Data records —
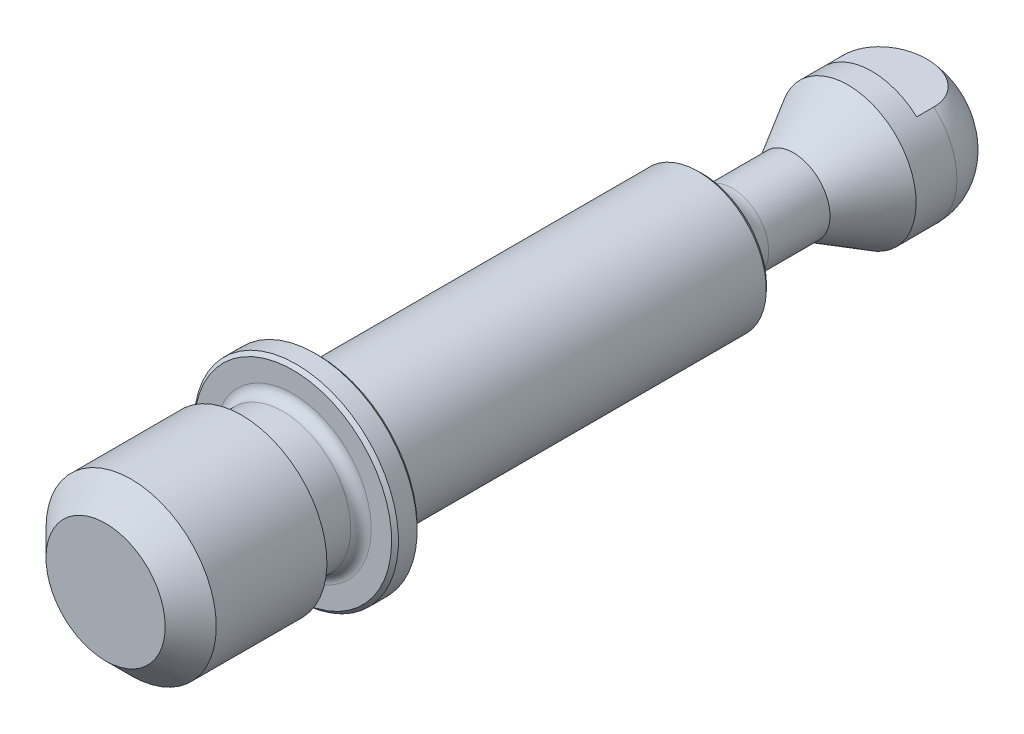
ISO-10303-21;
HEADER;
FILE_DESCRIPTION(('STEP AP214'),'2;1');
FILE_NAME('part.step','',(''),(''),'','','');
FILE_SCHEMA(('AUTOMOTIVE_DESIGN { 1 0 10303 214 1 1 1 1 }'));
ENDSEC;
DATA;
#1=APPLICATION_CONTEXT('core data for automotive mechanical design processes');
#2=APPLICATION_PROTOCOL_DEFINITION('international standard','automotive_design',2000,#1);
#3=PRODUCT_CONTEXT('',#1,'mechanical');
#4=PRODUCT('Part','Part','',(#3));
#5=PRODUCT_RELATED_PRODUCT_CATEGORY('part','',(#4));
#6=PRODUCT_DEFINITION_FORMATION('','',#4);
#7=PRODUCT_DEFINITION_CONTEXT('part definition',#1,'design');
#8=PRODUCT_DEFINITION('design','',#6,#7);
#9=PRODUCT_DEFINITION_SHAPE('','',#8);
#10=(LENGTH_UNIT() NAMED_UNIT(*) SI_UNIT(.MILLI.,.METRE.));
#11=(NAMED_UNIT(*) PLANE_ANGLE_UNIT() SI_UNIT($,.RADIAN.));
#12=(NAMED_UNIT(*) SI_UNIT($,.STERADIAN.) SOLID_ANGLE_UNIT());
#13=UNCERTAINTY_MEASURE_WITH_UNIT(LENGTH_MEASURE(1.E-05),#10,'distance_accuracy_value','');
#14=(GEOMETRIC_REPRESENTATION_CONTEXT(3) GLOBAL_UNCERTAINTY_ASSIGNED_CONTEXT((#13)) GLOBAL_UNIT_ASSIGNED_CONTEXT((#10,
#11,#12)) REPRESENTATION_CONTEXT('',''));
#15=CARTESIAN_POINT('',(0.,0.,0.));
#16=DIRECTION('',(0.,0.,1.));
#17=DIRECTION('',(1.,0.,0.));
#18=AXIS2_PLACEMENT_3D('',#15,#16,#17);
#19=CARTESIAN_POINT('',(0.,0.,0.));
#20=DIRECTION('',(0.,0.,1.));
#21=DIRECTION('',(0.,1.,0.));
#22=AXIS2_PLACEMENT_3D('',#19,#20,#21);
#23=CYLINDRICAL_SURFACE('',#22,6.);
#24=CARTESIAN_POINT('',(0.,0.,-0.2));
#25=DIRECTION('',(0.,0.,-1.));
#26=DIRECTION('',(0.,-1.,0.));
#27=AXIS2_PLACEMENT_3D('',#24,#25,#26);
#28=CIRCLE('',#27,6.);
#29=CARTESIAN_POINT('',(0.,-6.,-0.2));
#30=VERTEX_POINT('',#29);
#31=EDGE_CURVE('E22',#30,#30,#28,.T.);
#32=ORIENTED_EDGE('',*,*,#31,.T.);
#33=EDGE_LOOP('',(#32));
#34=FACE_BOUND('',#33,.T.);
#35=CARTESIAN_POINT('',(0.,0.,-1.3));
#36=DIRECTION('',(0.,0.,1.));
#37=DIRECTION('',(0.,1.,0.));
#38=AXIS2_PLACEMENT_3D('',#35,#36,#37);
#39=CIRCLE('',#38,6.);
#40=CARTESIAN_POINT('',(0.,6.,-1.3));
#41=VERTEX_POINT('',#40);
#42=EDGE_CURVE('E225',#41,#41,#39,.T.);
#43=ORIENTED_EDGE('',*,*,#42,.T.);
#44=EDGE_LOOP('',(#43));
#45=FACE_BOUND('',#44,.T.);
#46=ADVANCED_FACE('F14',(#34,#45),#23,.T.);
#47=CARTESIAN_POINT('',(-6.,0.,-1.5));
#48=DIRECTION('',(0.,0.,1.));
#49=DIRECTION('',(0.,1.,0.));
#50=AXIS2_PLACEMENT_3D('',#47,#48,#49);
#51=PLANE('',#50);
#52=CARTESIAN_POINT('',(0.,0.,-1.5));
#53=DIRECTION('',(0.,0.,1.));
#54=DIRECTION('',(0.,1.,0.));
#55=AXIS2_PLACEMENT_3D('',#52,#53,#54);
#56=CIRCLE('',#55,5.8);
#57=CARTESIAN_POINT('',(0.,5.8,-1.5));
#58=VERTEX_POINT('',#57);
#59=EDGE_CURVE('E9',#58,#58,#56,.F.);
#60=ORIENTED_EDGE('',*,*,#59,.T.);
#61=EDGE_LOOP('',(#60));
#62=FACE_BOUND('',#61,.T.);
#63=CARTESIAN_POINT('',(0.,0.,-1.5));
#64=DIRECTION('',(0.,0.,1.));
#65=DIRECTION('',(0.,1.,0.));
#66=AXIS2_PLACEMENT_3D('',#63,#64,#65);
#67=CIRCLE('',#66,4.4);
#68=CARTESIAN_POINT('',(0.,4.4,-1.5));
#69=VERTEX_POINT('',#68);
#70=EDGE_CURVE('E110',#69,#69,#67,.T.);
#71=ORIENTED_EDGE('',*,*,#70,.T.);
#72=EDGE_LOOP('',(#71));
#73=FACE_BOUND('',#72,.T.);
#74=ADVANCED_FACE('F182',(#62,#73),#51,.F.);
#75=CARTESIAN_POINT('',(0.,0.,0.));
#76=DIRECTION('',(0.,0.,1.));
#77=DIRECTION('',(0.,1.,0.));
#78=AXIS2_PLACEMENT_3D('',#75,#76,#77);
#79=CYLINDRICAL_SURFACE('',#78,4.);
#80=CARTESIAN_POINT('',(0.,0.,-23.8056329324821));
#81=DIRECTION('',(0.,0.,1.));
#82=DIRECTION('',(0.,1.,0.));
#83=AXIS2_PLACEMENT_3D('',#80,#81,#82);
#84=CIRCLE('',#83,4.);
#85=CARTESIAN_POINT('',(0.,4.,-23.8056329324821));
#86=VERTEX_POINT('',#85);
#87=EDGE_CURVE('E61',#86,#86,#84,.T.);
#88=ORIENTED_EDGE('',*,*,#87,.T.);
#89=EDGE_LOOP('',(#88));
#90=FACE_BOUND('',#89,.T.);
#91=CARTESIAN_POINT('',(0.,0.,-1.9));
#92=DIRECTION('',(0.,0.,1.));
#93=DIRECTION('',(0.,1.,0.));
#94=AXIS2_PLACEMENT_3D('',#91,#92,#93);
#95=CIRCLE('',#94,4.);
#96=CARTESIAN_POINT('',(0.,4.,-1.9));
#97=VERTEX_POINT('',#96);
#98=EDGE_CURVE('E113',#97,#97,#95,.F.);
#99=ORIENTED_EDGE('',*,*,#98,.T.);
#100=EDGE_LOOP('',(#99));
#101=FACE_BOUND('',#100,.T.);
#102=ADVANCED_FACE('F178',(#90,#101),#79,.T.);
#103=CARTESIAN_POINT('',(0.,0.,0.));
#104=DIRECTION('',(0.,0.,1.));
#105=DIRECTION('',(0.,1.,0.));
#106=AXIS2_PLACEMENT_3D('',#103,#104,#105);
#107=CYLINDRICAL_SURFACE('',#106,2.15);
#108=CARTESIAN_POINT('',(0.,0.,-25.8));
#109=DIRECTION('',(0.,0.,1.));
#110=DIRECTION('',(0.,1.,0.));
#111=AXIS2_PLACEMENT_3D('',#108,#109,#110);
#112=CIRCLE('',#111,2.15);
#113=CARTESIAN_POINT('',(0.,2.15,-25.8));
#114=VERTEX_POINT('',#113);
#115=EDGE_CURVE('E116',#114,#114,#112,.F.);
#116=ORIENTED_EDGE('',*,*,#115,.T.);
#117=EDGE_LOOP('',(#116));
#118=FACE_BOUND('',#117,.T.);
#119=CARTESIAN_POINT('',(0.,0.,-29.4));
#120=DIRECTION('',(0.,0.,1.));
#121=DIRECTION('',(0.,1.,0.));
#122=AXIS2_PLACEMENT_3D('',#119,#120,#121);
#123=CIRCLE('',#122,2.15);
#124=CARTESIAN_POINT('',(0.,2.15,-29.4));
#125=VERTEX_POINT('',#124);
#126=EDGE_CURVE('E89',#125,#125,#123,.T.);
#127=ORIENTED_EDGE('',*,*,#126,.T.);
#128=EDGE_LOOP('',(#127));
#129=FACE_BOUND('',#128,.T.);
#130=ADVANCED_FACE('F174',(#118,#129),#107,.T.);
#131=CARTESIAN_POINT('',(0.,0.,-32.6042939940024));
#132=DIRECTION('',(0.,0.,-1.));
#133=DIRECTION('',(0.,-1.,0.));
#134=AXIS2_PLACEMENT_3D('',#131,#132,#133);
#135=CONICAL_SURFACE('',#134,4.,0.523598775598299);
#136=ORIENTED_EDGE('',*,*,#126,.F.);
#137=EDGE_LOOP('',(#136));
#138=FACE_BOUND('',#137,.T.);
#139=CARTESIAN_POINT('',(0.,0.,-32.6042939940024));
#140=DIRECTION('',(0.,0.,1.));
#141=DIRECTION('',(0.,1.,0.));
#142=AXIS2_PLACEMENT_3D('',#139,#140,#141);
#143=CIRCLE('',#142,4.);
#144=CARTESIAN_POINT('',(0.,4.,-32.6042939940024));
#145=VERTEX_POINT('',#144);
#146=EDGE_CURVE('E86',#145,#145,#143,.T.);
#147=ORIENTED_EDGE('',*,*,#146,.T.);
#148=EDGE_LOOP('',(#147));
#149=FACE_BOUND('',#148,.T.);
#150=ADVANCED_FACE('F171',(#138,#149),#135,.T.);
#151=CARTESIAN_POINT('',(0.,0.,0.));
#152=DIRECTION('',(0.,0.,1.));
#153=DIRECTION('',(0.,1.,0.));
#154=AXIS2_PLACEMENT_3D('',#151,#152,#153);
#155=CYLINDRICAL_SURFACE('',#154,4.);
#156=CARTESIAN_POINT('',(0.,0.,-35.));
#157=DIRECTION('',(0.,0.,1.));
#158=DIRECTION('',(0.,1.,0.));
#159=AXIS2_PLACEMENT_3D('',#156,#157,#158);
#160=CIRCLE('',#159,4.);
#161=CARTESIAN_POINT('',(-2.6457513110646,3.,-35.));
#162=VERTEX_POINT('',#161);
#163=CARTESIAN_POINT('',(-2.6457513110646,-3.,-35.));
#164=VERTEX_POINT('',#163);
#165=EDGE_CURVE('E72',#162,#164,#160,.T.);
#166=ORIENTED_EDGE('',*,*,#165,.T.);
#167=DIRECTION('',(0.,0.,1.));
#168=VECTOR('',#167,1.);
#169=CARTESIAN_POINT('',(-2.6457513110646,-3.,0.));
#170=LINE('',#169,#168);
#171=CARTESIAN_POINT('',(-2.6457513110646,-3.,-34.));
#172=VERTEX_POINT('',#171);
#173=EDGE_CURVE('E29',#164,#172,#170,.T.);
#174=ORIENTED_EDGE('',*,*,#173,.T.);
#175=CARTESIAN_POINT('',(0.,0.,-34.));
#176=DIRECTION('',(0.,0.,-1.));
#177=DIRECTION('',(0.,-1.,0.));
#178=AXIS2_PLACEMENT_3D('',#175,#176,#177);
#179=CIRCLE('',#178,4.);
#180=CARTESIAN_POINT('',(2.6457513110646,-3.,-34.));
#181=VERTEX_POINT('',#180);
#182=EDGE_CURVE('E58',#181,#172,#179,.T.);
#183=ORIENTED_EDGE('',*,*,#182,.F.);
#184=DIRECTION('',(0.,0.,1.));
#185=VECTOR('',#184,1.);
#186=CARTESIAN_POINT('',(2.6457513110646,-3.,0.));
#187=LINE('',#186,#185);
#188=CARTESIAN_POINT('',(2.6457513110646,-3.,-35.));
#189=VERTEX_POINT('',#188);
#190=EDGE_CURVE('E65',#181,#189,#187,.F.);
#191=ORIENTED_EDGE('',*,*,#190,.T.);
#192=CARTESIAN_POINT('',(2.6457513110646,3.,-35.));
#193=VERTEX_POINT('',#192);
#194=EDGE_CURVE('E37',#189,#193,#160,.T.);
#195=ORIENTED_EDGE('',*,*,#194,.T.);
#196=DIRECTION('',(0.,0.,1.));
#197=VECTOR('',#196,1.);
#198=CARTESIAN_POINT('',(2.6457513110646,3.,0.));
#199=LINE('',#198,#197);
#200=CARTESIAN_POINT('',(2.6457513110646,3.,-34.));
#201=VERTEX_POINT('',#200);
#202=EDGE_CURVE('E81',#193,#201,#199,.T.);
#203=ORIENTED_EDGE('',*,*,#202,.T.);
#204=CARTESIAN_POINT('',(0.,0.,-34.));
#205=DIRECTION('',(0.,0.,-1.));
#206=DIRECTION('',(0.,-1.,0.));
#207=AXIS2_PLACEMENT_3D('',#204,#205,#206);
#208=CIRCLE('',#207,4.);
#209=CARTESIAN_POINT('',(-2.6457513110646,3.,-34.));
#210=VERTEX_POINT('',#209);
#211=EDGE_CURVE('E130',#210,#201,#208,.T.);
#212=ORIENTED_EDGE('',*,*,#211,.F.);
#213=DIRECTION('',(0.,0.,1.));
#214=VECTOR('',#213,1.);
#215=CARTESIAN_POINT('',(-2.6457513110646,3.,0.));
#216=LINE('',#215,#214);
#217=EDGE_CURVE('E76',#210,#162,#216,.F.);
#218=ORIENTED_EDGE('',*,*,#217,.T.);
#219=EDGE_LOOP('',(#166,#174,#183,#191,#195,#203,#212,#218));
#220=FACE_BOUND('',#219,.T.);
#221=ORIENTED_EDGE('',*,*,#146,.F.);
#222=EDGE_LOOP('',(#221));
#223=FACE_BOUND('',#222,.T.);
#224=ADVANCED_FACE('F68',(#220,#223),#155,.T.);
#225=CARTESIAN_POINT('',(0.,0.,-38.));
#226=DIRECTION('',(0.,0.,1.));
#227=DIRECTION('',(0.,1.,0.));
#228=AXIS2_PLACEMENT_3D('',#225,#226,#227);
#229=PLANE('',#228);
#230=CARTESIAN_POINT('',(0.,0.,-38.));
#231=DIRECTION('',(0.,0.,1.));
#232=DIRECTION('',(0.,1.,0.));
#233=AXIS2_PLACEMENT_3D('',#230,#231,#232);
#234=CIRCLE('',#233,1.);
#235=CARTESIAN_POINT('',(0.,1.,-38.));
#236=VERTEX_POINT('',#235);
#237=EDGE_CURVE('E120',#236,#236,#234,.F.);
#238=ORIENTED_EDGE('',*,*,#237,.T.);
#239=EDGE_LOOP('',(#238));
#240=FACE_BOUND('',#239,.T.);
#241=ADVANCED_FACE('F164',(#240),#229,.F.);
#242=CARTESIAN_POINT('',(-5.,0.,11.));
#243=DIRECTION('',(0.,0.,-1.));
#244=DIRECTION('',(0.,-1.,0.));
#245=AXIS2_PLACEMENT_3D('',#242,#243,#244);
#246=PLANE('',#245);
#247=CARTESIAN_POINT('',(0.,0.,11.));
#248=DIRECTION('',(0.,0.,-1.));
#249=DIRECTION('',(0.,-1.,0.));
#250=AXIS2_PLACEMENT_3D('',#247,#248,#249);
#251=CIRCLE('',#250,3.5);
#252=CARTESIAN_POINT('',(0.,-3.5,11.));
#253=VERTEX_POINT('',#252);
#254=EDGE_CURVE('E92',#253,#253,#251,.F.);
#255=ORIENTED_EDGE('',*,*,#254,.T.);
#256=EDGE_LOOP('',(#255));
#257=FACE_BOUND('',#256,.T.);
#258=ADVANCED_FACE('F160',(#257),#246,.F.);
#259=CARTESIAN_POINT('',(0.,0.,0.));
#260=DIRECTION('',(0.,0.,1.));
#261=DIRECTION('',(0.,1.,0.));
#262=AXIS2_PLACEMENT_3D('',#259,#260,#261);
#263=CYLINDRICAL_SURFACE('',#262,5.);
#264=CARTESIAN_POINT('',(0.,0.,9.5));
#265=DIRECTION('',(0.,0.,-1.));
#266=DIRECTION('',(0.,-1.,0.));
#267=AXIS2_PLACEMENT_3D('',#264,#265,#266);
#268=CIRCLE('',#267,5.);
#269=CARTESIAN_POINT('',(0.,-5.,9.5));
#270=VERTEX_POINT('',#269);
#271=EDGE_CURVE('E95',#270,#270,#268,.T.);
#272=ORIENTED_EDGE('',*,*,#271,.T.);
#273=EDGE_LOOP('',(#272));
#274=FACE_BOUND('',#273,.T.);
#275=CARTESIAN_POINT('',(0.,0.,3.));
#276=DIRECTION('',(0.,0.,1.));
#277=DIRECTION('',(0.,1.,0.));
#278=AXIS2_PLACEMENT_3D('',#275,#276,#277);
#279=CIRCLE('',#278,5.);
#280=CARTESIAN_POINT('',(0.,5.,3.));
#281=VERTEX_POINT('',#280);
#282=EDGE_CURVE('E83',#281,#281,#279,.T.);
#283=ORIENTED_EDGE('',*,*,#282,.T.);
#284=EDGE_LOOP('',(#283));
#285=FACE_BOUND('',#284,.T.);
#286=ADVANCED_FACE('F156',(#274,#285),#263,.T.);
#287=CARTESIAN_POINT('',(-4.,0.,3.));
#288=DIRECTION('',(0.,0.,1.));
#289=DIRECTION('',(0.,1.,0.));
#290=AXIS2_PLACEMENT_3D('',#287,#288,#289);
#291=PLANE('',#290);
#292=CARTESIAN_POINT('',(0.,0.,3.));
#293=DIRECTION('',(0.,0.,1.));
#294=DIRECTION('',(0.,1.,0.));
#295=AXIS2_PLACEMENT_3D('',#292,#293,#294);
#296=CIRCLE('',#295,4.6);
#297=CARTESIAN_POINT('',(0.,4.6,3.));
#298=VERTEX_POINT('',#297);
#299=EDGE_CURVE('E98',#298,#298,#296,.T.);
#300=ORIENTED_EDGE('',*,*,#299,.T.);
#301=EDGE_LOOP('',(#300));
#302=FACE_BOUND('',#301,.T.);
#303=ORIENTED_EDGE('',*,*,#282,.F.);
#304=EDGE_LOOP('',(#303));
#305=FACE_BOUND('',#304,.T.);
#306=ADVANCED_FACE('F152',(#302,#305),#291,.F.);
#307=CARTESIAN_POINT('',(0.,0.,0.));
#308=DIRECTION('',(0.,0.,1.));
#309=DIRECTION('',(0.,1.,0.));
#310=AXIS2_PLACEMENT_3D('',#307,#308,#309);
#311=CYLINDRICAL_SURFACE('',#310,4.);
#312=CARTESIAN_POINT('',(0.,0.,2.4));
#313=DIRECTION('',(0.,0.,1.));
#314=DIRECTION('',(0.,1.,0.));
#315=AXIS2_PLACEMENT_3D('',#312,#313,#314);
#316=CIRCLE('',#315,4.);
#317=CARTESIAN_POINT('',(0.,4.,2.4));
#318=VERTEX_POINT('',#317);
#319=EDGE_CURVE('E104',#318,#318,#316,.F.);
#320=ORIENTED_EDGE('',*,*,#319,.T.);
#321=EDGE_LOOP('',(#320));
#322=FACE_BOUND('',#321,.T.);
#323=CARTESIAN_POINT('',(0.,0.,0.6));
#324=DIRECTION('',(0.,0.,-1.));
#325=DIRECTION('',(0.,-1.,0.));
#326=AXIS2_PLACEMENT_3D('',#323,#324,#325);
#327=CIRCLE('',#326,4.);
#328=CARTESIAN_POINT('',(0.,-4.,0.6));
#329=VERTEX_POINT('',#328);
#330=EDGE_CURVE('E101',#329,#329,#327,.F.);
#331=ORIENTED_EDGE('',*,*,#330,.T.);
#332=EDGE_LOOP('',(#331));
#333=FACE_BOUND('',#332,.T.);
#334=ADVANCED_FACE('F148',(#322,#333),#311,.T.);
#335=CARTESIAN_POINT('',(-4.,0.,0.));
#336=DIRECTION('',(0.,0.,-1.));
#337=DIRECTION('',(0.,-1.,0.));
#338=AXIS2_PLACEMENT_3D('',#335,#336,#337);
#339=PLANE('',#338);
#340=CARTESIAN_POINT('',(0.,0.,0.));
#341=DIRECTION('',(0.,0.,-1.));
#342=DIRECTION('',(0.,-1.,0.));
#343=AXIS2_PLACEMENT_3D('',#340,#341,#342);
#344=CIRCLE('',#343,5.8);
#345=CARTESIAN_POINT('',(0.,-5.8,0.));
#346=VERTEX_POINT('',#345);
#347=EDGE_CURVE('E222',#346,#346,#344,.F.);
#348=ORIENTED_EDGE('',*,*,#347,.T.);
#349=EDGE_LOOP('',(#348));
#350=FACE_BOUND('',#349,.T.);
#351=CARTESIAN_POINT('',(0.,0.,0.));
#352=DIRECTION('',(0.,0.,-1.));
#353=DIRECTION('',(0.,-1.,0.));
#354=AXIS2_PLACEMENT_3D('',#351,#352,#353);
#355=CIRCLE('',#354,4.6);
#356=CARTESIAN_POINT('',(0.,-4.6,0.));
#357=VERTEX_POINT('',#356);
#358=EDGE_CURVE('E107',#357,#357,#355,.T.);
#359=ORIENTED_EDGE('',*,*,#358,.T.);
#360=EDGE_LOOP('',(#359));
#361=FACE_BOUND('',#360,.T.);
#362=ADVANCED_FACE('F144',(#350,#361),#339,.F.);
#363=CARTESIAN_POINT('',(0.,0.,11.));
#364=DIRECTION('',(0.,0.,-1.));
#365=DIRECTION('',(0.,-1.,0.));
#366=AXIS2_PLACEMENT_3D('',#363,#364,#365);
#367=CONICAL_SURFACE('',#366,3.5,0.785398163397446);
#368=ORIENTED_EDGE('',*,*,#271,.F.);
#369=EDGE_LOOP('',(#368));
#370=FACE_BOUND('',#369,.T.);
#371=ORIENTED_EDGE('',*,*,#254,.F.);
#372=EDGE_LOOP('',(#371));
#373=FACE_BOUND('',#372,.T.);
#374=ADVANCED_FACE('F147',(#370,#373),#367,.T.);
#375=CARTESIAN_POINT('',(0.,0.,2.4));
#376=DIRECTION('',(0.,0.,1.));
#377=DIRECTION('',(0.,1.,0.));
#378=AXIS2_PLACEMENT_3D('',#375,#376,#377);
#379=TOROIDAL_SURFACE('',#378,4.6,0.6);
#380=ORIENTED_EDGE('',*,*,#319,.F.);
#381=EDGE_LOOP('',(#380));
#382=FACE_BOUND('',#381,.T.);
#383=ORIENTED_EDGE('',*,*,#299,.F.);
#384=EDGE_LOOP('',(#383));
#385=FACE_BOUND('',#384,.T.);
#386=ADVANCED_FACE('F192',(#382,#385),#379,.F.);
#387=CARTESIAN_POINT('',(0.,0.,0.6));
#388=DIRECTION('',(0.,0.,-1.));
#389=DIRECTION('',(0.,-1.,0.));
#390=AXIS2_PLACEMENT_3D('',#387,#388,#389);
#391=TOROIDAL_SURFACE('',#390,4.6,0.6);
#392=ORIENTED_EDGE('',*,*,#358,.F.);
#393=EDGE_LOOP('',(#392));
#394=FACE_BOUND('',#393,.T.);
#395=ORIENTED_EDGE('',*,*,#330,.F.);
#396=EDGE_LOOP('',(#395));
#397=FACE_BOUND('',#396,.T.);
#398=ADVANCED_FACE('F196',(#394,#397),#391,.F.);
#399=CARTESIAN_POINT('',(0.,0.,-1.9));
#400=DIRECTION('',(0.,0.,1.));
#401=DIRECTION('',(0.,1.,0.));
#402=AXIS2_PLACEMENT_3D('',#399,#400,#401);
#403=TOROIDAL_SURFACE('',#402,4.4,0.4);
#404=ORIENTED_EDGE('',*,*,#98,.F.);
#405=EDGE_LOOP('',(#404));
#406=FACE_BOUND('',#405,.T.);
#407=ORIENTED_EDGE('',*,*,#70,.F.);
#408=EDGE_LOOP('',(#407));
#409=FACE_BOUND('',#408,.T.);
#410=ADVANCED_FACE('F200',(#406,#409),#403,.F.);
#411=CARTESIAN_POINT('',(0.,0.,-25.8));
#412=DIRECTION('',(0.,0.,1.));
#413=DIRECTION('',(0.,1.,0.));
#414=AXIS2_PLACEMENT_3D('',#411,#412,#413);
#415=TOROIDAL_SURFACE('',#414,3.95,1.8);
#416=CARTESIAN_POINT('',(0.,0.,-24.0050696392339));
#417=DIRECTION('',(0.,0.,-1.));
#418=DIRECTION('',(0.,-1.,0.));
#419=AXIS2_PLACEMENT_3D('',#416,#417,#418);
#420=CIRCLE('',#419,3.815);
#421=CARTESIAN_POINT('',(0.,-3.815,-24.0050696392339));
#422=VERTEX_POINT('',#421);
#423=EDGE_CURVE('E215',#422,#422,#420,.T.);
#424=ORIENTED_EDGE('',*,*,#423,.T.);
#425=EDGE_LOOP('',(#424));
#426=FACE_BOUND('',#425,.T.);
#427=ORIENTED_EDGE('',*,*,#115,.F.);
#428=EDGE_LOOP('',(#427));
#429=FACE_BOUND('',#428,.T.);
#430=ADVANCED_FACE('F203',(#426,#429),#415,.F.);
#431=CARTESIAN_POINT('',(0.,0.,-35.));
#432=DIRECTION('',(0.,0.,1.));
#433=DIRECTION('',(0.,1.,0.));
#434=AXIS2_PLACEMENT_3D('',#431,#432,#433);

Problem requirements — Only the lines from the one containing "#390=AXIS2_PLACEMENT_3D('',#387,#388,#389);" through the last line of the records belong in the answer, each written out exactly.

Result of this exercise —
#390=AXIS2_PLACEMENT_3D('',#387,#388,#389);
#391=TOROIDAL_SURFACE('',#390,4.6,0.6);
#392=ORIENTED_EDGE('',*,*,#358,.F.);
#393=EDGE_LOOP('',(#392));
#394=FACE_BOUND('',#393,.T.);
#395=ORIENTED_EDGE('',*,*,#330,.F.);
#396=EDGE_LOOP('',(#395));
#397=FACE_BOUND('',#396,.T.);
#398=ADVANCED_FACE('F196',(#394,#397),#391,.F.);
#399=CARTESIAN_POINT('',(0.,0.,-1.9));
#400=DIRECTION('',(0.,0.,1.));
#401=DIRECTION('',(0.,1.,0.));
#402=AXIS2_PLACEMENT_3D('',#399,#400,#401);
#403=TOROIDAL_SURFACE('',#402,4.4,0.4);
#404=ORIENTED_EDGE('',*,*,#98,.F.);
#405=EDGE_LOOP('',(#404));
#406=FACE_BOUND('',#405,.T.);
#407=ORIENTED_EDGE('',*,*,#70,.F.);
#408=EDGE_LOOP('',(#407));
#409=FACE_BOUND('',#408,.T.);
#410=ADVANCED_FACE('F200',(#406,#409),#403,.F.);
#411=CARTESIAN_POINT('',(0.,0.,-25.8));
#412=DIRECTION('',(0.,0.,1.));
#413=DIRECTION('',(0.,1.,0.));
#414=AXIS2_PLACEMENT_3D('',#411,#412,#413);
#415=TOROIDAL_SURFACE('',#414,3.95,1.8);
#416=CARTESIAN_POINT('',(0.,0.,-24.0050696392339));
#417=DIRECTION('',(0.,0.,-1.));
#418=DIRECTION('',(0.,-1.,0.));
#419=AXIS2_PLACEMENT_3D('',#416,#417,#418);
#420=CIRCLE('',#419,3.815);
#421=CARTESIAN_POINT('',(0.,-3.815,-24.0050696392339));
#422=VERTEX_POINT('',#421);
#423=EDGE_CURVE('E215',#422,#422,#420,.T.);
#424=ORIENTED_EDGE('',*,*,#423,.T.);
#425=EDGE_LOOP('',(#424));
#426=FACE_BOUND('',#425,.T.);
#427=ORIENTED_EDGE('',*,*,#115,.F.);
#428=EDGE_LOOP('',(#427));
#429=FACE_BOUND('',#428,.T.);
#430=ADVANCED_FACE('F203',(#426,#429),#415,.F.);
#431=CARTESIAN_POINT('',(0.,0.,-35.));
#432=DIRECTION('',(0.,0.,1.));
#433=DIRECTION('',(0.,1.,0.));
#434=AXIS2_PLACEMENT_3D('',#431,#432,#433);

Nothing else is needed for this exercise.